Dimensionality of the output space.

fully_mml

Whether to use matmul-free operations for all the layers.

num_heads

Number of heads to use when performing the recurrent step.

activation

Activation function to use.

recurrent_activation

Activation function to use for the recurrent step.

use_bias

Whether to use a bias vector for the layer.

weights_initializer

Initializer for the gates’ matrices. Used for the linear transformation of the inputs.

bias_initializer

Initializer for the bias vector.

weights_regularizer

Regularizer function applied to the gates’ matrices.

bias_regularizer

Regularizer function applied to the bias vector.

weights_constraint

Constraint function applied to the gates’ matrices.

bias_constraint

Constraint function applied to the bias vector.

__init__(units, fully_mml=False, num_heads=1, activation='silu', recurrent_activation='sigmoid', use_bias=True, weights_initializer='glorot_uniform', bias_initializer='zeros', weights_regularizer=None, bias_regularizer=None, weights_constraint=None, bias_constraint=None, **kwargs)[source]

Initializes a new instance of the layer.

Parameters:
  • units (int) – Dimensionality of the output space.

  • fully_mml (bool, default: False) – Whether to use matmul-free operations for all the layers.

  • num_heads (int, default: 1) – Number of heads to use for the recurrent step. See HGRN2: Gated Linear RNNs with State Expansion, section 3.2, for details on the multi-headed variant.

  • activation (str, default: 'silu') – Activation function to use.

  • recurrent_activation (str, default: 'sigmoid') – Activation function to use for the recurrent step.

  • use_bias (bool, default: True) – Whether to use a bias vector for the layer.

  • weights_initializer (str, default: 'glorot_uniform') – Initializer for the gates’ matrices.

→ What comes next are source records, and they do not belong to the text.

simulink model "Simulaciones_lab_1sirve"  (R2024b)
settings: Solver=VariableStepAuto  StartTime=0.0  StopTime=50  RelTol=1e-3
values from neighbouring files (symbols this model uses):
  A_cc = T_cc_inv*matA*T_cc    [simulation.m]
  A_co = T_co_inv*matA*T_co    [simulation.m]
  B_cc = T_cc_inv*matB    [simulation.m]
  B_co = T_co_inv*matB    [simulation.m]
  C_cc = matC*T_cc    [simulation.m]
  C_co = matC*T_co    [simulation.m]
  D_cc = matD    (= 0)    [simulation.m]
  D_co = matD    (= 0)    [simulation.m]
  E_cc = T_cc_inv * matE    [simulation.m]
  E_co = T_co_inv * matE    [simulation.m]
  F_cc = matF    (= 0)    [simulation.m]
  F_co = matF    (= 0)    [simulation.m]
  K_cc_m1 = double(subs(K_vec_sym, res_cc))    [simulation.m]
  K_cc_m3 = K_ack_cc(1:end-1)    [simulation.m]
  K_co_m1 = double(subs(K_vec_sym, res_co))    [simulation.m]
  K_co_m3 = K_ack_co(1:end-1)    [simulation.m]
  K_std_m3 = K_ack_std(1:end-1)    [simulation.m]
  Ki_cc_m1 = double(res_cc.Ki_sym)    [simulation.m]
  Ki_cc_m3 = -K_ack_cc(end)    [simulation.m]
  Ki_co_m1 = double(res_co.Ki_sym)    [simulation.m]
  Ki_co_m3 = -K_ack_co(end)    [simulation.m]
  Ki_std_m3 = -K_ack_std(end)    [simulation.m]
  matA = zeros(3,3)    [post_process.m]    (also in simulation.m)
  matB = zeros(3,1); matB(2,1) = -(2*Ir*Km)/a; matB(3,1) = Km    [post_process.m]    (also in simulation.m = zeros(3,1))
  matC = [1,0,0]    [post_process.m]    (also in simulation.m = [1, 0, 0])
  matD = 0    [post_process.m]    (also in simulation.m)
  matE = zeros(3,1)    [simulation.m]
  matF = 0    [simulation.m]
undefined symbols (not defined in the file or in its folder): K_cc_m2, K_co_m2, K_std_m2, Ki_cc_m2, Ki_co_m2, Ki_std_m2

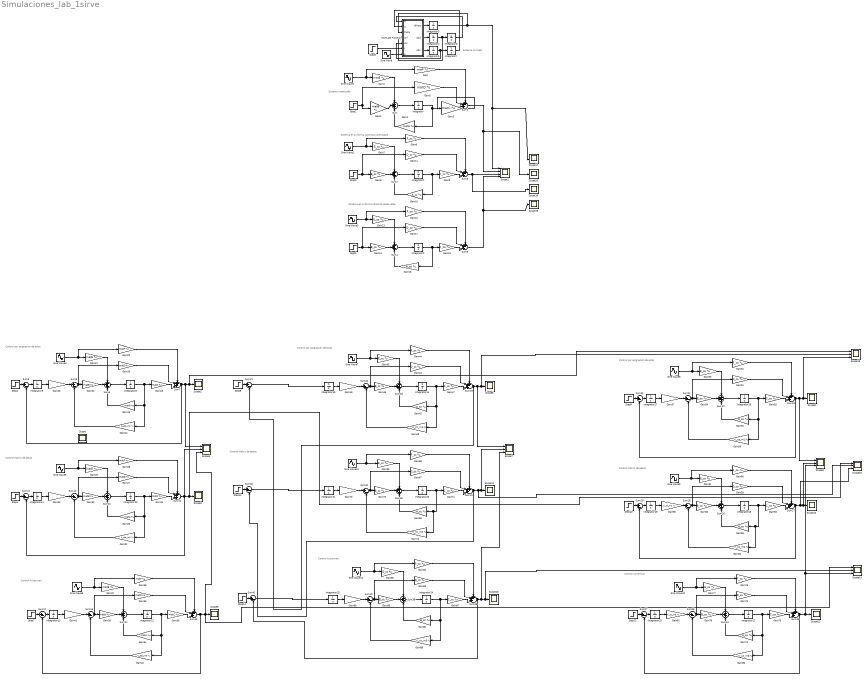
== system Simulaciones_lab_1sirve ==
  note: Sistema no lineal
  note: Sistema en su forma canonica observable
  note: Sistema en su forma canonica controlable
  note: Sistema linealizado
  note: Control por asignación de polos
  note: Control Matriz de pesos
  note: Control Ackerman
  note: Control por asignación de polos
  note: Control por asignación de polos
  note: Control Matriz de pesos
  note: Control Matriz de pesos
  note: Control Ackerman
  note: Control Ackerman
  Gain{,20,28,36} (4 alike) : Gain  Gain=matF  Multiplication=Matrix(K*u)
  Gain{1,21,29,37} (4 alike) : Gain  Gain=matE  Multiplication=Matrix(K*u)
  Gain{10,42,66,82} (4 alike) : Gain  Gain=A_cc  Multiplication=Matrix(K*u)
  Gain{11,43,67,83} (4 alike) : Gain  Gain=D_cc  Multiplication=Matrix(K*u)
  Gain{12,52,60,76} (4 alike) : Gain  Gain=F_co  Multiplication=Matrix(K*u)
  Gain{13,53,61,77} (4 alike) : Gain  Gain=E_co  Multiplication=Matrix(K*u)
  Gain{14,54,62,78} (4 alike) : Gain  Gain=B_co  Multiplication=Matrix(K*u)
  Gain{15,55,63,79} (4 alike) : Gain  Gain=C_co  Multiplication=Matrix(K*u)
  Gain{16,50,58,74} (4 alike) : Gain  Gain=A_co  Multiplication=Matrix(K*u)
  Gain{17,51,59,75} (4 alike) : Gain  Gain=D_co  Multiplication=Matrix(K*u)
  Gain{4,18,26,34} (4 alike) : Gain  Gain=matA  Multiplication=Matrix(K*u)
  Gain{5,19,27,35} (4 alike) : Gain  Gain=matD  Multiplication=Matrix(K*u)
  Gain{2,22,30,38} (4 alike) : Gain  Gain=matB  Multiplication=Matrix(K*u)
  Gain{3,23,31,39} (4 alike) : Gain  Gain=matC  Multiplication=Matrix(K*u)
  Gain24 : Gain  Gain=K_std_m2  Multiplication=Matrix(K*u)
  Gain25 : Gain  Gain=Ki_std_m2  Multiplication=Matrix(K*u)
  Gain32 : Gain  Gain=K_std_m2  Multiplication=Matrix(K*u)
  Gain33 : Gain  Gain=Ki_std_m2  Multiplication=Matrix(K*u)
  Gain40 : Gain  Gain=K_std_m3  Multiplication=Matrix(K*u)
  Gain41 : Gain  Gain=Ki_std_m3  Multiplication=Matrix(K*u)
  Gain{6,44,68,84} (4 alike) : Gain  Gain=F_cc  Multiplication=Matrix(K*u)
  Gain{7,45,69,85} (4 alike) : Gain  Gain=E_cc  Multiplication=Matrix(K*u)
  Gain{8,46,70,86} (4 alike) : Gain  Gain=B_cc  Multiplication=Matrix(K*u)
  Gain{9,47,71,87} (4 alike) : Gain  Gain=C_cc  Multiplication=Matrix(K*u)
  Gain48 : Gain  Gain=K_cc_m1  Multiplication=Matrix(K*u)
  Gain49 : Gain  Gain=Ki_cc_m1  Multiplication=Matrix(K*u)
  Gain56 : Gain  Gain=K_co_m1  Multiplication=Matrix(K*u)
  Gain57 : Gain  Gain=Ki_co_m1  Multiplication=Matrix(K*u)
  Gain64 : Gain  Gain=K_co_m2  Multiplication=Matrix(K*u)
  Gain65 : Gain  Gain=Ki_co_m2  Multiplication=Matrix(K*u)
  Gain72 : Gain  Gain=K_cc_m2  Multiplication=Matrix(K*u)
  Gain73 : Gain  Gain=Ki_cc_m2  Multiplication=Matrix(K*u)
  Gain80 : Gain  Gain=K_co_m3  Multiplication=Matrix(K*u)
  Gain81 : Gain  Gain=Ki_co_m3  Multiplication=Matrix(K*u)
  Gain88 : Gain  Gain=K_cc_m3  Multiplication=Matrix(K*u)
  Gain89 : Gain  Gain=Ki_cc_m3  Multiplication=Matrix(K*u)
  Integrator{,1..25} (26 alike) : Integrator
  MATLAB Function : MATLAB Function  TreatAsAtomicUnit=on
  Scope1 : Scope  NumInputPorts=4
  Scope{,2..3,5..6,8,10..13,17..20} (14 alike) : Scope
  Scope{4,7,9,14..16} (6 alike) : Scope  NumInputPorts=3
  Sine Wave{,1..3} (4 alike) : Sin  Amplitude=0.1  SampleTime=0
  Sine Wave{4..12} (9 alike) : Sin  Amplitude=0.000001  SampleTime=0
  Step{1,3,5..6} (4 alike) : Step  After=25  SampleTime=0
  Step{2,4,7..13} (9 alike) : Step  Time=5  After=5  SampleTime=0
  Sum{,2,4,6,10,14,18,22,26,30,34,38} (12 alike) : Sum  Inputs=+++
  Sum{1,3,5,7,11,15,19,23,27,31,35,39} (12 alike) : Sum  Inputs=+++|
  Sum{8..9,12..13,16..17,20..21,24..25,28..29,32..33,36..37,40..41} (18 alike) : Sum  Inputs=|+-
  wires:
  Gain2/1 -> Sum/2
  Gain4/1 -> Sum/3
  Sum/1 -> Integrator/1
  Integrator/1 -> Gain4/1, Gain3/1
  Gain/1 -> Sum1/1
  Gain5/1 -> Sum1/2
  Gain3/1 -> Sum1/3
  Step1/1 -> Gain5/1, Gain2/1
  Sine Wave1/1 -> Gain/1, Gain1/1
  Gain1/1 -> Sum/1
  Sum1/1 -> Scope1/2, Scope20/1
  Gain7/1 -> Sum2/1
  Gain10/1 -> Sum2/3
  Sine Wave2/1 -> Gain6/1, Gain7/1
  Gain9/1 -> Sum3/3
  Gain6/1 -> Sum3/1
  Gain11/1 -> Sum3/2
  Step3/1 -> Gain11/1, Gain8/1
  Sum2/1 -> Integrator1/1
  Gain8/1 -> Sum2/2
  Integrator1/1 -> Gain10/1, Gain9/1
  Gain13/1 -> Sum4/1
  Gain16/1 -> Sum4/3
  Sine Wave3/1 -> Gain12/1, Gain13/1
  Gain15/1 -> Sum5/3
  Gain12/1 -> Sum5/1
  Gain17/1 -> Sum5/2
  Step5/1 -> Gain17/1, Gain14/1
  Sum4/1 -> Integrator2/1
  Gain14/1 -> Sum4/2
  Integrator2/1 -> Gain16/1, Gain15/1
  Sum3/1 -> Scope18/1, Scope1/3
  Sum5/1 -> Scope1/4, Scope19/1
  Step6/1 -> MATLAB Function/6(f)
  MATLAB Function/1(dtheta) -> Integrator3/1
  MATLAB Function/2(ddxf) -> Integrator4/1
  MATLAB Function/3(ddxr) -> Integrator5/1
  Integrator4/1 -> MATLAB Function/4(dxf), Integrator6/1
  Integrator5/1 -> MATLAB Function/5(dxr), Integrator7/1
  Integrator3/1 -> Scope1/1, Scope17/1, MATLAB Function/3(theta)
  Integrator6/1 -> MATLAB Function/1(xf)
  Integrator7/1 -> MATLAB Function/2(xr)
  Sine Wave/1 -> MATLAB Function/7(p)
  Gain19/1 -> Sum7/2
  Sum6/1 -> Integrator8/1
  Gain22/1 -> Sum6/2
  Gain23/1 -> Sum7/3
  Gain21/1 -> Sum6/1
  Sum7/1 -> Scope4/1, Scope15/1, Scope2/1, Sum9/2
  Gain18/1 -> Sum6/3
  Sine Wave4/1 -> Gain20/1, Gain21/1
  Gain20/1 -> Sum7/1
  Integrator8/1 -> Gain24/1, Gain18/1, Gain23/1
  Sum8/1 -> Gain19/1, Gain22/1
  Integrator9/1 -> Gain25/1
  Gain25/1 -> Sum8/1
  Gain24/1 -> Sum8/2
  Step2/1 -> Sum9/1
  Sum9/1 -> Integrator9/1
  Sum13/1 -> Integrator11/1
  Step4/1 -> Sum13/1
  Gain32/1 -> Sum12/2
  Integrator11/1 -> Gain33/1
  Gain33/1 -> Sum12/1
  Gain28/1 -> Sum11/1
  Sine Wave5/1 -> Gain28/1, Gain29/1
  Gain26/1 -> Sum10/3
  Sum11/1 -> Scope4/2, Scope16/1, Scope3/1, Sum13/2
  Gain29/1 -> Sum10/1
  Integrator10/1 -> Gain32/1, Gain26/1, Gain31/1
  Sum12/1 -> Gain27/1, Gain30/1
  Gain27/1 -> Sum11/2
  Gain30/1 -> Sum10/2
  Sum10/1 -> Integrator10/1
  Gain31/1 -> Sum11/3
  Sum14/1 -> Integrator12/1
  Sine Wave6/1 -> Gain36/1, Gain37/1
  Integrator12/1 -> Gain40/1, Gain34/1, Gain39/1
  Gain34/1 -> Sum14/3
  Gain37/1 -> Sum14/1
  Gain39/1 -> Sum15/3
  Sum15/1 -> Scope4/3, Scope14/1, Scope5/1, Sum17/2
  Gain38/1 -> Sum14/2
  Gain36/1 -> Sum15/1
  Integrator13/1 -> Gain41/1
  Sum17/1 -> Integrator13/1
  Gain41/1 -> Sum16/1
  Gain40/1 -> Sum16/2
  Step7/1 -> Sum17/1
  Sum16/1 -> Gain35/1, Gain38/1
  Gain35/1 -> Sum15/2
  Sum19/1 -> Scope7/1, Scope15/2, Scope6/1, Sum21/2
  Sum18/1 -> Integrator14/1
  Gain44/1 -> Sum19/1
  Gain49/1 -> Sum20/1
  Gain46/1 -> Sum18/2
  Sine Wave7/1 -> Gain44/1, Gain45/1
  Sum20/1 -> Gain43/1, Gain46/1
  Integrator15/1 -> Gain49/1
  Gain48/1 -> Sum20/2
  Sum21/1 -> Integrator15/1
  Gain42/1 -> Sum18/3
  Gain47/1 -> Sum19/3
  Integrator14/1 -> Gain48/1, Gain42/1, Gain47/1
  Step8/1 -> Sum21/1
  Gain45/1 -> Sum18/1
  Gain43/1 -> Sum19/2
  Gain53/1 -> Sum22/1
  Integrator16/1 -> Gain56/1, Gain50/1, Gain55/1
  Gain50/1 -> Sum22/3
  Gain55/1 -> Sum23/3
  Gain57/1 -> Sum24/1
  Sum25/1 -> Integrator17/1
  Integrator17/1 -> Gain57/1
  Sum23/1 -> Scope9/1, Scope15/3, Scope8/1, Sum25/2
  Step9/1 -> Sum25/1
  Sum22/1 -> Integrator16/1
  Gain52/1 -> Sum23/1
  Gain54/1 -> Sum22/2
  Sine Wave8/1 -> Gain52/1, Gain53/1
  Sum24/1 -> Gain51/1, Gain54/1
  Gain56/1 -> Sum24/2
  Gain51/1 -> Sum23/2
  Gain62/1 -> Sum26/2
  Sine Wave9/1 -> Gain61/1, Gain60/1
  Gain60/1 -> Sum27/1
  Sum27/1 -> Scope16/3, Scope9/2, Scope10/1, Sum29/2
  Gain59/1 -> Sum27/2
  Gain64/1 -> Sum28/2
  Step10/1 -> Sum29/1
  Gain61/1 -> Sum26/1
  Gain65/1 -> Sum28/1
  Sum26/1 -> Integrator18/1
  Gain58/1 -> Sum26/3
  Integrator18/1 -> Gain64/1, Gain58/1, Gain63/1
  Sum28/1 -> Gain59/1, Gain62/1
  Sum29/1 -> Integrator19/1
  Gain63/1 -> Sum27/3
  Integrator19/1 -> Gain65/1
  Gain68/1 -> Sum31/1
  Gain71/1 -> Sum31/3
  Sum31/1 -> Scope16/2, Scope7/2, Scope11/1, Sum33/2
  Sum33/1 -> Integrator21/1
  Gain66/1 -> Sum30/3
  Gain67/1 -> Sum31/2
  Sum30/1 -> Integrator20/1
  Gain72/1 -> Sum32/2
  Integrator20/1 -> Gain72/1, Gain66/1, Gain71/1
  Step11/1 -> Sum33/1
  Gain70/1 -> Sum30/2
  Gain73/1 -> Sum32/1
  Sum32/1 -> Gain67/1, Gain70/1
  Sine Wave10/1 -> Gain69/1, Gain68/1
  Gain69/1 -> Sum30/1
  Integrator21/1 -> Gain73/1
  Integrator25/1 -> Gain89/1
  Step13/1 -> Sum41/1
  Integrator24/1 -> Gain88/1, Gain82/1, Gain87/1
  Gain86/1 -> Sum38/2
  Gain85/1 -> Sum38/1
  Sine Wave11/1 -> Gain84/1, Gain85/1
  Sum39/1 -> Scope7/3, Scope14/2, Scope13/1, Sum41/2
  Sum38/1 -> Integrator24/1
  Gain83/1 -> Sum39/2
  Gain82/1 -> Sum38/3
  Gain84/1 -> Sum39/1
  Gain79/1 -> Sum35/3
  Gain74/1 -> Sum34/3
  Gain89/1 -> Sum40/1
  Integrator23/1 -> Gain81/1
  Integrator22/1 -> Gain80/1, Gain74/1, Gain79/1
  Gain87/1 -> Sum39/3
  Sum37/1 -> Integrator23/1
  Sum40/1 -> Gain83/1, Gain86/1
  Gain81/1 -> Sum36/1
  Sum35/1 -> Scope14/3, Scope9/3, Scope12/1, Sum37/2
  Sine Wave12/1 -> Gain76/1, Gain77/1
  Step12/1 -> Sum37/1
  Gain80/1 -> Sum36/2
  Sum34/1 -> Integrator22/1
  Sum36/1 -> Gain75/1, Gain78/1
  Gain76/1 -> Sum35/1
  Gain77/1 -> Sum34/1
  Gain88/1 -> Sum40/2
  Gain75/1 -> Sum35/2
  Sum41/1 -> Integrator25/1
  Gain78/1 -> Sum34/2

== matlab function Simulaciones_lab_1sirve/MATLAB Function ==
function [dtheta, ddxf, ddxr]=fcn(xf, xr, theta, dxf, dxr, f, p)

g = 9.81;        % m/s^2
mf = 30;         % kg
mr = 50;         % kg
kf  = 10000;     % N/m
kr  = 15000;     % N/m
ksf = 19500;     % N/m
ksr = 12500;     % N/m
bsf = 1000;      % Ns/m
bsr = 1100;      % Ns/m
a = 0.8;         % m
b = 0.7;         % m
c = 0.5;         % m

dtheta = (- f*c - ksf*xf*a - ksf*a^2*theta + ksr*xr*b - ksr*b^2*theta + bsr*dxr*b + bsf*dxf*a)/(bsr*b^2 + bsf*a^2)
ddxf = (- mf*g - kf*xf + kf*p - ksf*xf - ksf*a*theta - bsf*dxf - bsf*a*dtheta)/mf
ddxr = (- mr*g - kr*xr - ksr*xr + ksr*b*theta - bsr*dxr + bsr*b*dtheta)/mr

 ;

Used for the linear transformation of the inputs.

  • bias_initializer (str, default: 'zeros') – Initializer for the bias vector.

  • weights_regularizer (Optional[str], default: None) – Regularizer function applied to the gates’ matrices.

  • bias_regularizer (Optional[str], default: None) – Regularizer function applied to the bias vector.

  • weights_constraint (Optional[str], default: None) – Constraint function applied to the gates’ matrices.

  • bias_constraint (Optional[str], default: None) – Constraint function applied to the bias vector.

  • **kwargs – Keyword arguments for keras.Layer.

Raises:
  • ValueError – If the units provided is not a positive integer.

  • ValueError – If the number of heads to use is not a positive integer.

  • ValueError – If the number of heads does not divide the units provided.

call(sequences, initial_state=None, mask=None, training=False)[source]

Calling method of the layer.

Parameters:
  • sequences (Float[ndarray, 'batch_size timesteps features']) – Inputs into the layer.

  • initial_state (Optional[List], default: None) – List of initial state tensors to be passed to the first call of the cell. If not provided, will cause creation of zero-filled initial state tensors.

  • mask (Optional[Any], default: None) – Binary tensor indicating whether a given timestep should be masked. An individual True entry indicates that the corresponding timestep should be utilized, while a False entry indicates that the corresponding timestep should be ignored.

  • training (bool, default: False) – Indicates whether the layer should behave in training mode or in inference mode. This argument is passed to the cell when calling it.

Returns:

Float[ndarray, 'batch_size timesteps'] – Transformed inputs.

classmethod from_config(config)[source]

Creates the layer from the given configuration.

Parameters:

config (Dict[str, Any]) – Configuration dictionary.

Returns:

GRUMML – Created instance.

get_config()[source]

Gets the configuration for the layer.

Returns:

Dict[str, Any] – Layer configuration.